How have you taken what you know, and examined it more closely? Let your assumptions slide, and searched for the invisible threads?
Have you read a novel that has done this? We'd love to hear!

Thursday, June 17, 2010

Congratulations to our Bonnie!

We are so proud of Bonnie! Last night her phenomenal novel, Talking to the Dead, won "Best Contemporary Novel" at Canada's The Word Guild's annual awards ceremony!

You go, girl!


Wednesday, June 16, 2010

At Home in Story World

I've been on an Elizabeth Berg binge of late, reading one Berg novel after the other, right down the line, according to year of publication.
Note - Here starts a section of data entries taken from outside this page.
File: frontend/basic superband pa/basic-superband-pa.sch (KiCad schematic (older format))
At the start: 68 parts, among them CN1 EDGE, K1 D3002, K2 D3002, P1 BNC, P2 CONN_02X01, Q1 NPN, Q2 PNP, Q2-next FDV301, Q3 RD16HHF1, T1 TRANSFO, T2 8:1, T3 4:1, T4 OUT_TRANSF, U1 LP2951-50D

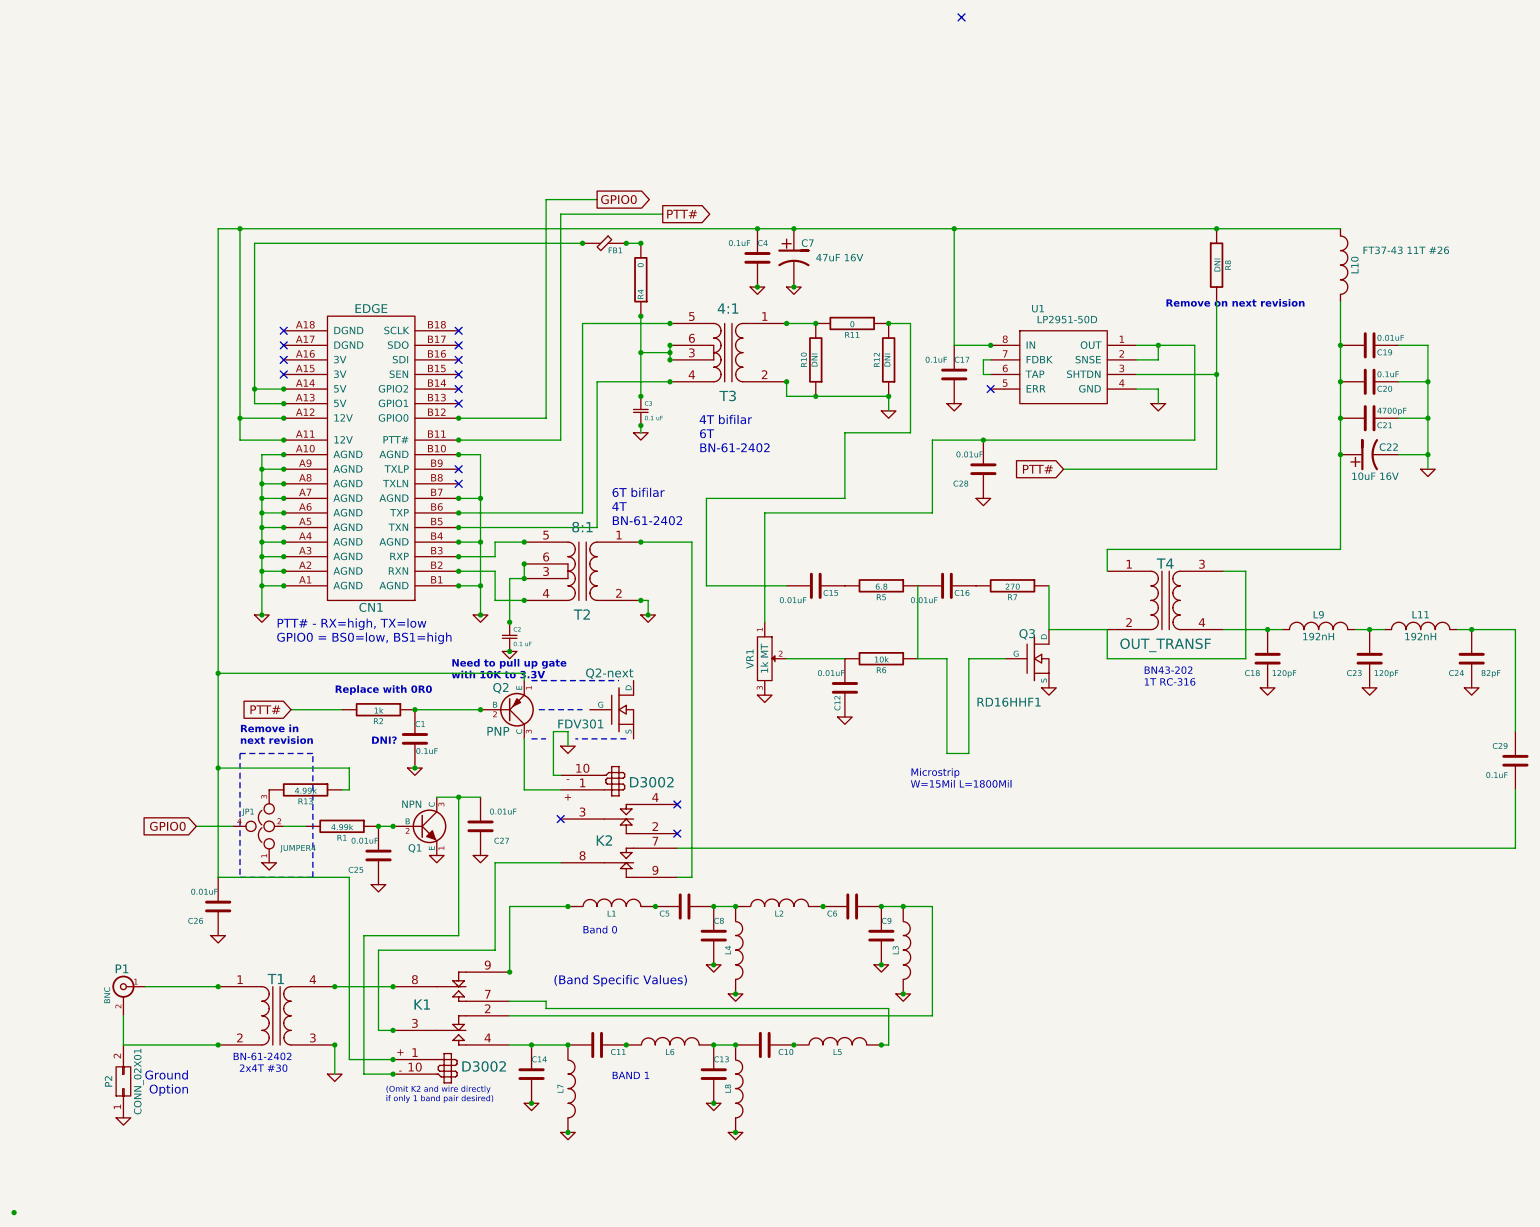
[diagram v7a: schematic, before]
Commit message: PTT change
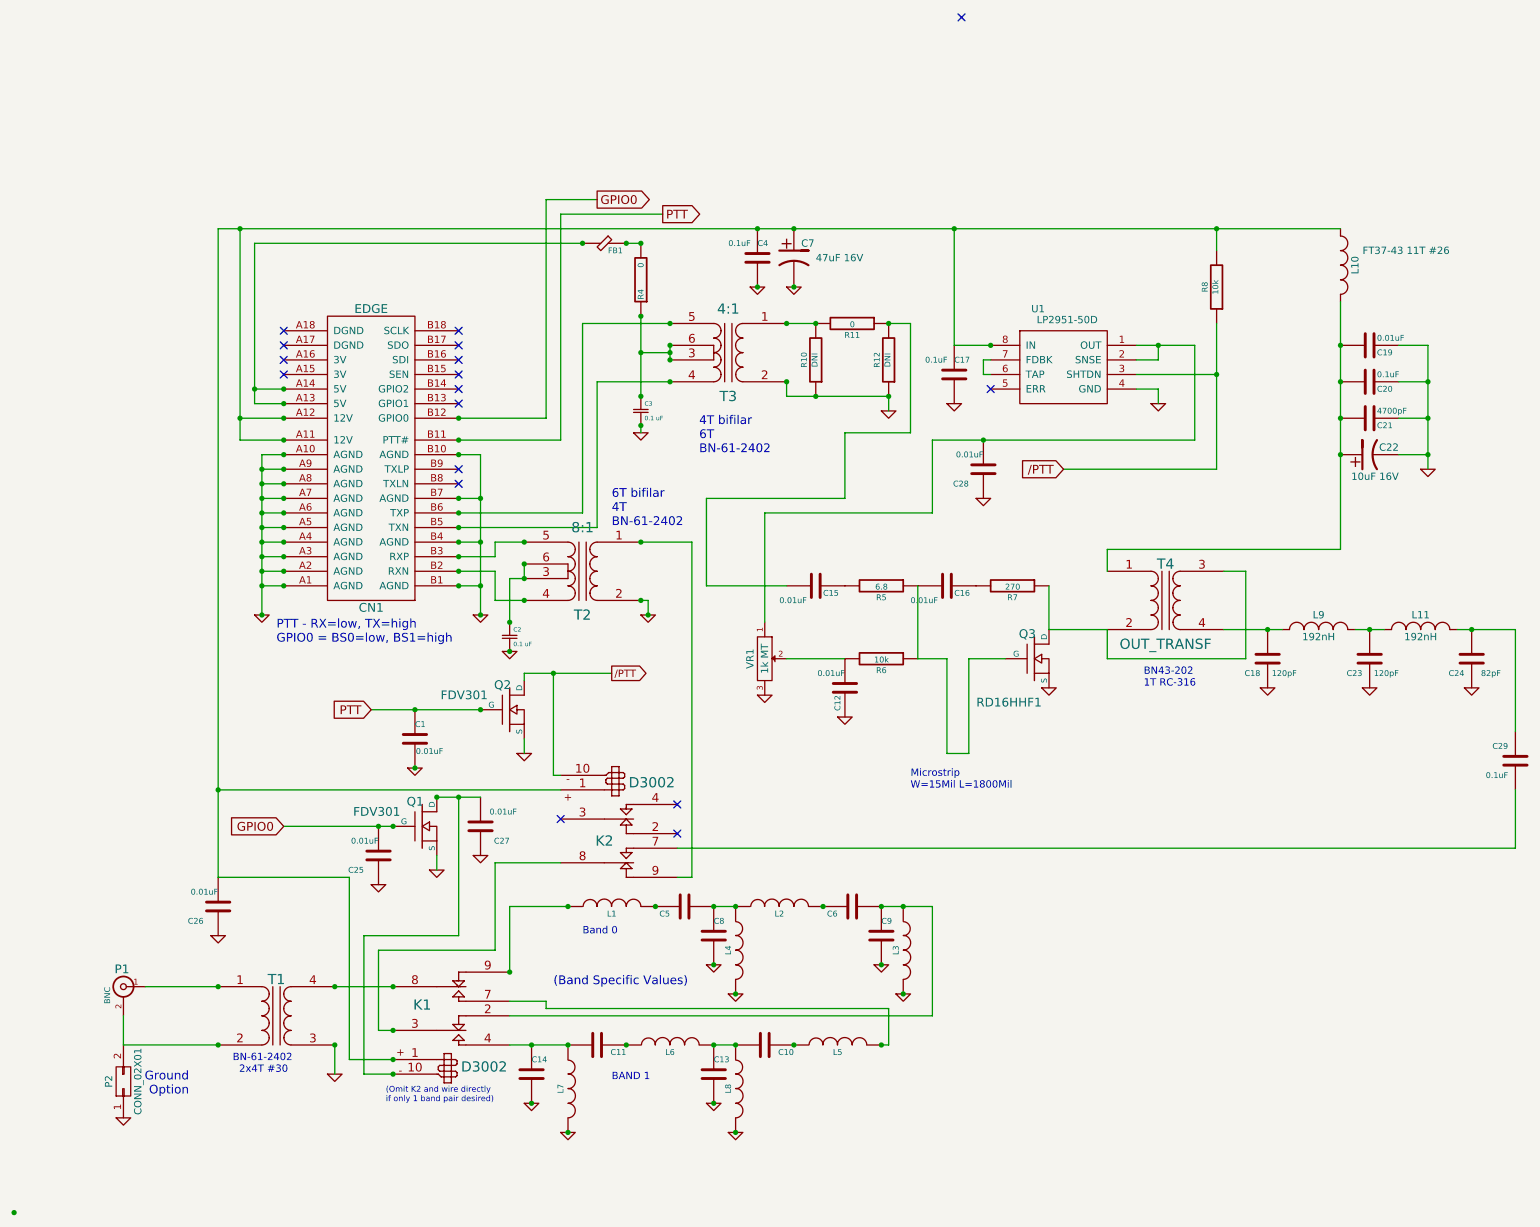
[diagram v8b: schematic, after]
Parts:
- removed JP1: JUMPER4, HERMESLITE:JUMPER4, symbol JUMPER4
- removed Q1: NPN, Transistors_SMD:sot23, symbol NPN
- removed Q2: PNP, Transistors_SMD:sot23, symbol PNP
- removed Q2-next: FDV301, symbol MOS_N
- removed R1, R13: 4.99k, HERMESLITE:R_0805, symbol R
- removed R2: 1k, HERMESLITE:R_0805, symbol R
- added Q1, Q2: FDV301, SMD_Packages:SOT-23-GDS, symbol MOS_N
- C1: value 0.1uF -> 0.01uF
- FB1: footprint SMD_Packages:SMD-1206 -> SMD_Packages:SMD-0805
- R10, R11, R12, R4, R5, R6, R7: footprint HERMESLITE:R_0805 -> Resistors_SMD:R_0805_HandSoldering
- R8: value DNI -> 10k; footprint HERMESLITE:R_0805 -> Resistors_SMD:R_0805_HandSoldering
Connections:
- net GND: now also Q1.S, Q2.S; no longer K2.10 (-)
- net GPIO0: now also C25.2, Q1.G
- net at C17.1, C26.2, C4.1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: now also K2.1 (+), R8.2; no longer R8.1
- net PTT: now reaches C1.1
- net PTT: now also CN1.B11 (PTT#), Q2.G
- net at C27.2, K1.10 (-): now also Q1.D
- removed net PTT#: CN1.B11 (PTT#), R8.2, U1.3 (SHTDN)
- new net /PTT: K2.10 (-), Q2.D, R8.1, U1.3 (SHTDN)
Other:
- note added: "PTT - RX=low, TX=high\nGPIO0 = BS0=low, BS1=high"
- note removed: "DNI?"
- note removed: "Need to pull up gate\nwith 10K to 3.3V"
- note removed: "PTT# - RX=high, TX=low\nGPIO0 = BS0=low, BS1=high"
- note removed: "Remove in\nnext revision"
- note removed: "Remove on next revision"
- note removed: "Replace with 0R0"

Almost every time I check one out at the library, no matter which library I use, the clerk helping me makes a comment about Elizabeth's books, how much they enjoy her writing, how popular she is, etc. And I always agree. I love her writing. I can step into most any of her story worlds and feel right at home. Is this a result of Elizabeth "writing what she knows," as Marybeth discussed on Monday? For example, does Ms. Berg know what it's like to have a mother walk out on her (What We Keep)? ... have a husband who dies after depleting their life savings (Home Safe)? ... run a boarding house after a costly divorce (Open House)?
~
If we had an opportunity to sit down for a cup of tea with Elizabeth -- isn't she lovely? and wouldn't it be nice to be so familiar with her? -- and ask her about the stories she's written, she probably would say she doesn't know the specifics of each scenario, but what she does know is the relationships contained within the stories she writes. She knows what it is to be a wife, a mother, a friend. And after all, it's the relationships that I love about her writing. And it's relationships I love to write about. Like mothers and daughters, and daughters and mothers. There's no end to the story possibilities there!
~
How much, exactly, do you have to know about a topic to create a story world your readers would want to inhabit all the way to the last page? Is it enough, as in Marybeth's case, to just know about the mailbox, and use it as the central "What if ..." of a story? I say, "Absolutely!" That's where all my stories (published and unpublished) begin. "What if ..."
~
... a young boy makes a decision that leads to his sister's death, then struggles to deal with his guilt (Hub of a Daisy)?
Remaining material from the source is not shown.